### TASK TO CARRY OUT
Search the data for the word "axis" and copy every line that contains it.

Source records
━━━━━━━━

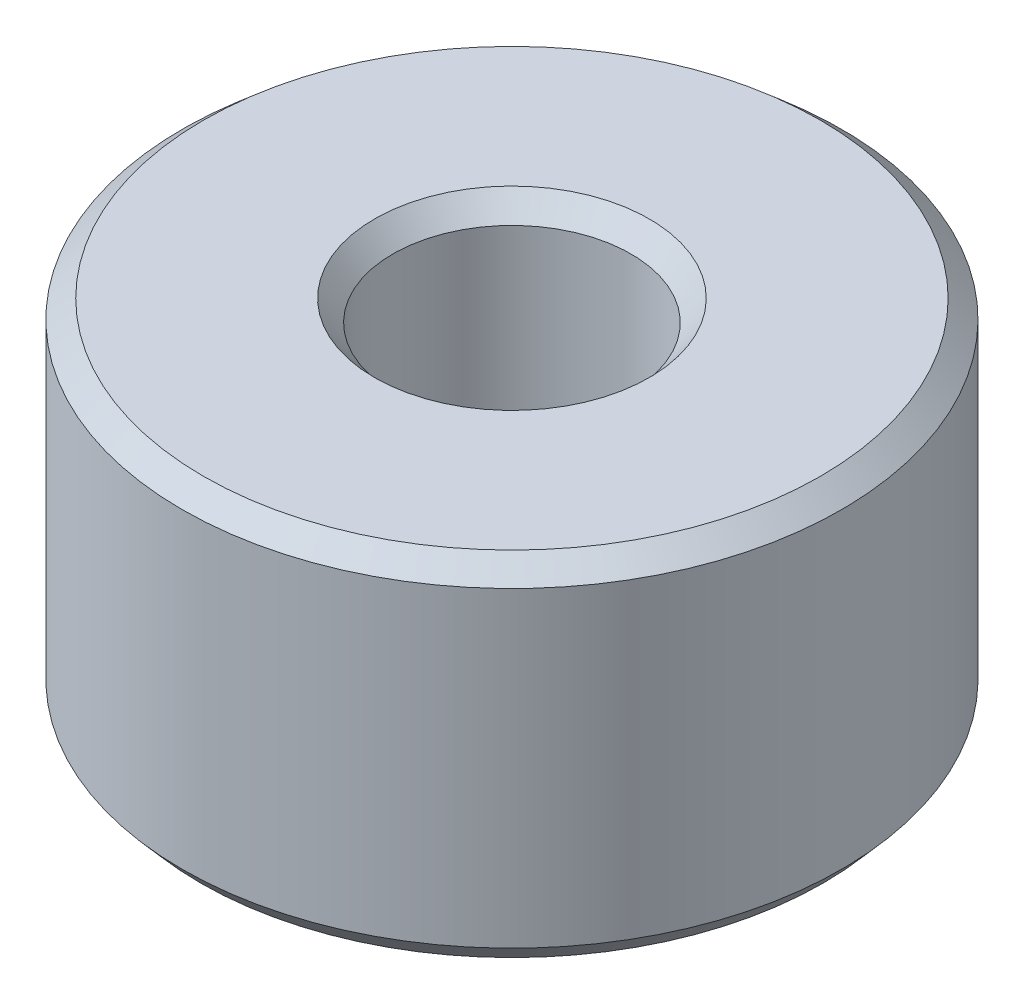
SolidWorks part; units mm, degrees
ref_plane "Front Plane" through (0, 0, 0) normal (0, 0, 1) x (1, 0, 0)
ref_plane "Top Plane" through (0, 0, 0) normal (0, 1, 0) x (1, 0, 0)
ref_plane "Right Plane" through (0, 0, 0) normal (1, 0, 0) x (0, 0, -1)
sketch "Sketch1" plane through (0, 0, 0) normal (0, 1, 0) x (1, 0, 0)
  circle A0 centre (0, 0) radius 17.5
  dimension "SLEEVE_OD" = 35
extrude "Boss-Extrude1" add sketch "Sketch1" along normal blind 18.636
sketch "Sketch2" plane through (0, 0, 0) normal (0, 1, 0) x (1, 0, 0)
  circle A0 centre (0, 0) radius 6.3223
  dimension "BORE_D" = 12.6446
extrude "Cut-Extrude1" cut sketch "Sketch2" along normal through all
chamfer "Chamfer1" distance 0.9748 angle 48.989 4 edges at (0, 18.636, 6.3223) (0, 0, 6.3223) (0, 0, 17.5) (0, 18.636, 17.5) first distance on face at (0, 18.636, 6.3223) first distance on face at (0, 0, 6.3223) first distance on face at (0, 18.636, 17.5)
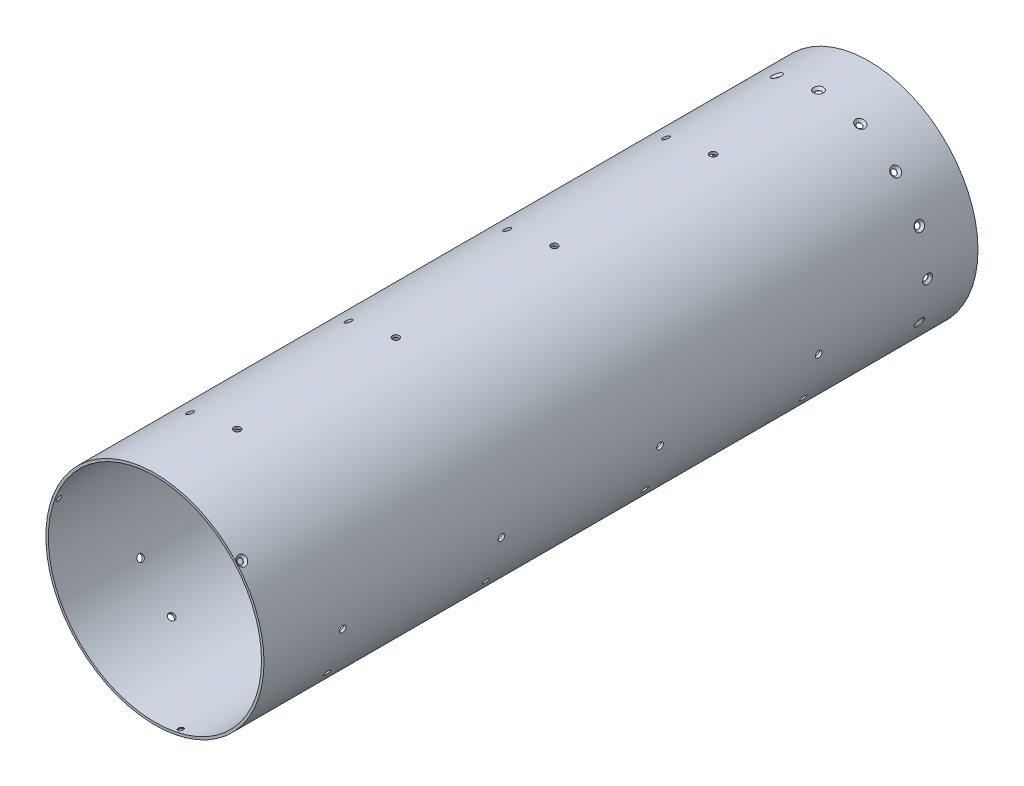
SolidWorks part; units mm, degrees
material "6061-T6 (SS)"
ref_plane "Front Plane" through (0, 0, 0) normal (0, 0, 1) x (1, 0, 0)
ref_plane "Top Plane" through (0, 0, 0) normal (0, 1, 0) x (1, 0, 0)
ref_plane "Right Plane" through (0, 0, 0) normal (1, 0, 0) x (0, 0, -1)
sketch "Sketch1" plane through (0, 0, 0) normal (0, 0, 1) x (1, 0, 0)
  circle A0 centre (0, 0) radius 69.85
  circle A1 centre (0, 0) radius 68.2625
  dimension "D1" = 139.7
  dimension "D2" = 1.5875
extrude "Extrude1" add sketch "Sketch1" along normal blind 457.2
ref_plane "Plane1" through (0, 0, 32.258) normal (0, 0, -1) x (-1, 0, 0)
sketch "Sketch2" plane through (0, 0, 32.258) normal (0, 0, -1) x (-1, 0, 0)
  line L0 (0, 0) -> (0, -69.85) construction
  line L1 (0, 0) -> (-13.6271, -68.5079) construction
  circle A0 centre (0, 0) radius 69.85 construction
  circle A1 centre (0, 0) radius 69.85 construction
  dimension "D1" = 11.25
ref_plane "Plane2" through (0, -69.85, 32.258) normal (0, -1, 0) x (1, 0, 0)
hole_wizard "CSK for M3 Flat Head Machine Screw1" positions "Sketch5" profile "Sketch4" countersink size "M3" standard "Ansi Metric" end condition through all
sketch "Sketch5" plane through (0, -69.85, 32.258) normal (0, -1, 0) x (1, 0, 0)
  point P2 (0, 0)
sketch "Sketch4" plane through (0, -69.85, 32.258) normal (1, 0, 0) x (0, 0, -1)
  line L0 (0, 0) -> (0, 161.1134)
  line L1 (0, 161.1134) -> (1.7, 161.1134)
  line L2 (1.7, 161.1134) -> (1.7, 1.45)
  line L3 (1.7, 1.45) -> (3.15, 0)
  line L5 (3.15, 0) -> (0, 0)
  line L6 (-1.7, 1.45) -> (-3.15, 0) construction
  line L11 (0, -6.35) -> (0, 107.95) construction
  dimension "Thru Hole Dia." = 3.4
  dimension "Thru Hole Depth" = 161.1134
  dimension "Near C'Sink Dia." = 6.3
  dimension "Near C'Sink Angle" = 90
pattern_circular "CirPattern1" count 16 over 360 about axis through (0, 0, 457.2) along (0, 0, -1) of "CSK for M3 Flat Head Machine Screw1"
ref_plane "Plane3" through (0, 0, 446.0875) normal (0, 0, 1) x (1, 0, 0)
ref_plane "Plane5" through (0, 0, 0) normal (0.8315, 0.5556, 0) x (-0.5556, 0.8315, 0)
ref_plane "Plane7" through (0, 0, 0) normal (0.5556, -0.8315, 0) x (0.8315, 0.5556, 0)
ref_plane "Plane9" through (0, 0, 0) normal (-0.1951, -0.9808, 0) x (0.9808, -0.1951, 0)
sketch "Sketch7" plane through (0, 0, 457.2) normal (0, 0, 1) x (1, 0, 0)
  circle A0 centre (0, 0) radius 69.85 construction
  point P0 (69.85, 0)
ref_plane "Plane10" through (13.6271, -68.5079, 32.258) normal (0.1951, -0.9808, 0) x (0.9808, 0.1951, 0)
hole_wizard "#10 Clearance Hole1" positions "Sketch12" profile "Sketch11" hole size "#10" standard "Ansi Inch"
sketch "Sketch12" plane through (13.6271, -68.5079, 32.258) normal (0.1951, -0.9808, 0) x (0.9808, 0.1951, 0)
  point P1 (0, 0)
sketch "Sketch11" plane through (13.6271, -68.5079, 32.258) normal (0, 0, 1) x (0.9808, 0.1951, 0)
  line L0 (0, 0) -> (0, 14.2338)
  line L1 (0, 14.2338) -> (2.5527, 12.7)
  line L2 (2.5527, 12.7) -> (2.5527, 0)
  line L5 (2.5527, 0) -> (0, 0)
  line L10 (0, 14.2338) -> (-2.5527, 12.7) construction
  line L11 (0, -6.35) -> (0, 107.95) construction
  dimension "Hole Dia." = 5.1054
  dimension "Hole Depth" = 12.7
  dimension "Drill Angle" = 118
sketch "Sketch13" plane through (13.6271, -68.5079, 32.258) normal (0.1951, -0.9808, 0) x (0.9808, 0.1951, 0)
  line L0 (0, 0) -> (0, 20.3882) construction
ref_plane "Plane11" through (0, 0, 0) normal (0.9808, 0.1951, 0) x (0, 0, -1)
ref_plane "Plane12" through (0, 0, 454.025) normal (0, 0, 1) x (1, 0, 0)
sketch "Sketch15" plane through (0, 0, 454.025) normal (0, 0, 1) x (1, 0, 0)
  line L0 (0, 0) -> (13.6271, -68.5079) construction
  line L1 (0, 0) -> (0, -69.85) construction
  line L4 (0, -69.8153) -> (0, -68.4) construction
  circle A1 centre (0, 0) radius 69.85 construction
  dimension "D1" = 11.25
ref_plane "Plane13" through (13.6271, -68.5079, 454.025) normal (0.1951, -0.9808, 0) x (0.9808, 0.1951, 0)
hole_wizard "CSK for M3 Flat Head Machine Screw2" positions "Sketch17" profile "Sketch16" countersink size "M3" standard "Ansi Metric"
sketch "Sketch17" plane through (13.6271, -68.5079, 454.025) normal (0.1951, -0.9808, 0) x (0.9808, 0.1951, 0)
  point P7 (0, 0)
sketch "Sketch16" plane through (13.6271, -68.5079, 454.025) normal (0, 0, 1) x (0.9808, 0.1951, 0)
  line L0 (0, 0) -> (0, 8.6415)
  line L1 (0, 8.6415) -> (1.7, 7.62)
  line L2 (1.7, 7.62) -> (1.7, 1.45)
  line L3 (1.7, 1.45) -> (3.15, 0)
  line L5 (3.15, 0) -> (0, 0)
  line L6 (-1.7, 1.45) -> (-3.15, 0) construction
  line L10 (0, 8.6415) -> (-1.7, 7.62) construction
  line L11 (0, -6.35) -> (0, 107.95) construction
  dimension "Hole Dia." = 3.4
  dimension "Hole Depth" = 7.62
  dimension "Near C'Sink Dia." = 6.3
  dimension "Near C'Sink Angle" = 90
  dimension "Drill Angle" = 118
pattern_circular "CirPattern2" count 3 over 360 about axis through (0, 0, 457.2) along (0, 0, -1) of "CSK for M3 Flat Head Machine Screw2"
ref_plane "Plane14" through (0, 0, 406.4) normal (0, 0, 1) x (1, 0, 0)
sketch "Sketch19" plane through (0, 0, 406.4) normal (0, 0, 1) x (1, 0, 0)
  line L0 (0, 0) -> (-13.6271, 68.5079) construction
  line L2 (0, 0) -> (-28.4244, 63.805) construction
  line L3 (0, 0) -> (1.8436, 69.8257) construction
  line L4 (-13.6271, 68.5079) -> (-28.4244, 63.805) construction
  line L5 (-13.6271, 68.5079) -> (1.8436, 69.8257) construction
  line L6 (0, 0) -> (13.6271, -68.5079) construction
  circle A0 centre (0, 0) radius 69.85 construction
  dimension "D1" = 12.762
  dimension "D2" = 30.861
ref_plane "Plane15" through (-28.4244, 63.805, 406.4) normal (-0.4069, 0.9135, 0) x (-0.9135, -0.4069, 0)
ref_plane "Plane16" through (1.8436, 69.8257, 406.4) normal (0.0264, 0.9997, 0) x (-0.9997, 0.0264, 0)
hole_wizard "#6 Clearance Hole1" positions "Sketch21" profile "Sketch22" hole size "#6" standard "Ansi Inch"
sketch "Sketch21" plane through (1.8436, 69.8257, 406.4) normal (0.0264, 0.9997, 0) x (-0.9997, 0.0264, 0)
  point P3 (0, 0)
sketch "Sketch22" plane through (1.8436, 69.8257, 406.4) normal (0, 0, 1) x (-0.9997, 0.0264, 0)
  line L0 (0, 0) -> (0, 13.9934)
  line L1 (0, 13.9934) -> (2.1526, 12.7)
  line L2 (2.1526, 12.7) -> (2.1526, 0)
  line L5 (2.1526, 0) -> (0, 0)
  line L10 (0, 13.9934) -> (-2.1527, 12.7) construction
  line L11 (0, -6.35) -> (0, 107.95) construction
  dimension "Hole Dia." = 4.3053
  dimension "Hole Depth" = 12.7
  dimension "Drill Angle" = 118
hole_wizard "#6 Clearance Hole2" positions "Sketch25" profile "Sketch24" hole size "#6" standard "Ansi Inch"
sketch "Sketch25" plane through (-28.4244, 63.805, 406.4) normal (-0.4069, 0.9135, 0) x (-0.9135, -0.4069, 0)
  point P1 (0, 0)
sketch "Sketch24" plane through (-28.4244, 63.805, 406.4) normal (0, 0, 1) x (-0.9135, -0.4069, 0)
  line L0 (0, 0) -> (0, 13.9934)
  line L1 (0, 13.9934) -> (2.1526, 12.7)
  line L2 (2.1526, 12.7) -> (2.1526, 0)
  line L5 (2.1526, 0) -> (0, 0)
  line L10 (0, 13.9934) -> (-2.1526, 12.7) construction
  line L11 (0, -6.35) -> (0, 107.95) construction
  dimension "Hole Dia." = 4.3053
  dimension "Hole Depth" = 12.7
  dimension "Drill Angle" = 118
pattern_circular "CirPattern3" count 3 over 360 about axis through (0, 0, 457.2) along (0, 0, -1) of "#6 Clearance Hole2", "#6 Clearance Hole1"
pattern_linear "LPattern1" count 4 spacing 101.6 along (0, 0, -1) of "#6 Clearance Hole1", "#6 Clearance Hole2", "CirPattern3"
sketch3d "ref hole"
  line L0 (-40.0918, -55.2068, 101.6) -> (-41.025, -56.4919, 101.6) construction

━━━━━━━━

### WRITTEN SOLUTION
pattern_circular "CirPattern1" count 16 over 360 about axis through (0, 0, 457.2) along (0, 0, -1) of "CSK for M3 Flat Head Machine Screw1"
pattern_circular "CirPattern2" count 3 over 360 about axis through (0, 0, 457.2) along (0, 0, -1) of "CSK for M3 Flat Head Machine Screw2"
pattern_circular "CirPattern3" count 3 over 360 about axis through (0, 0, 457.2) along (0, 0, -1) of "#6 Clearance Hole2", "#6 Clearance Hole1"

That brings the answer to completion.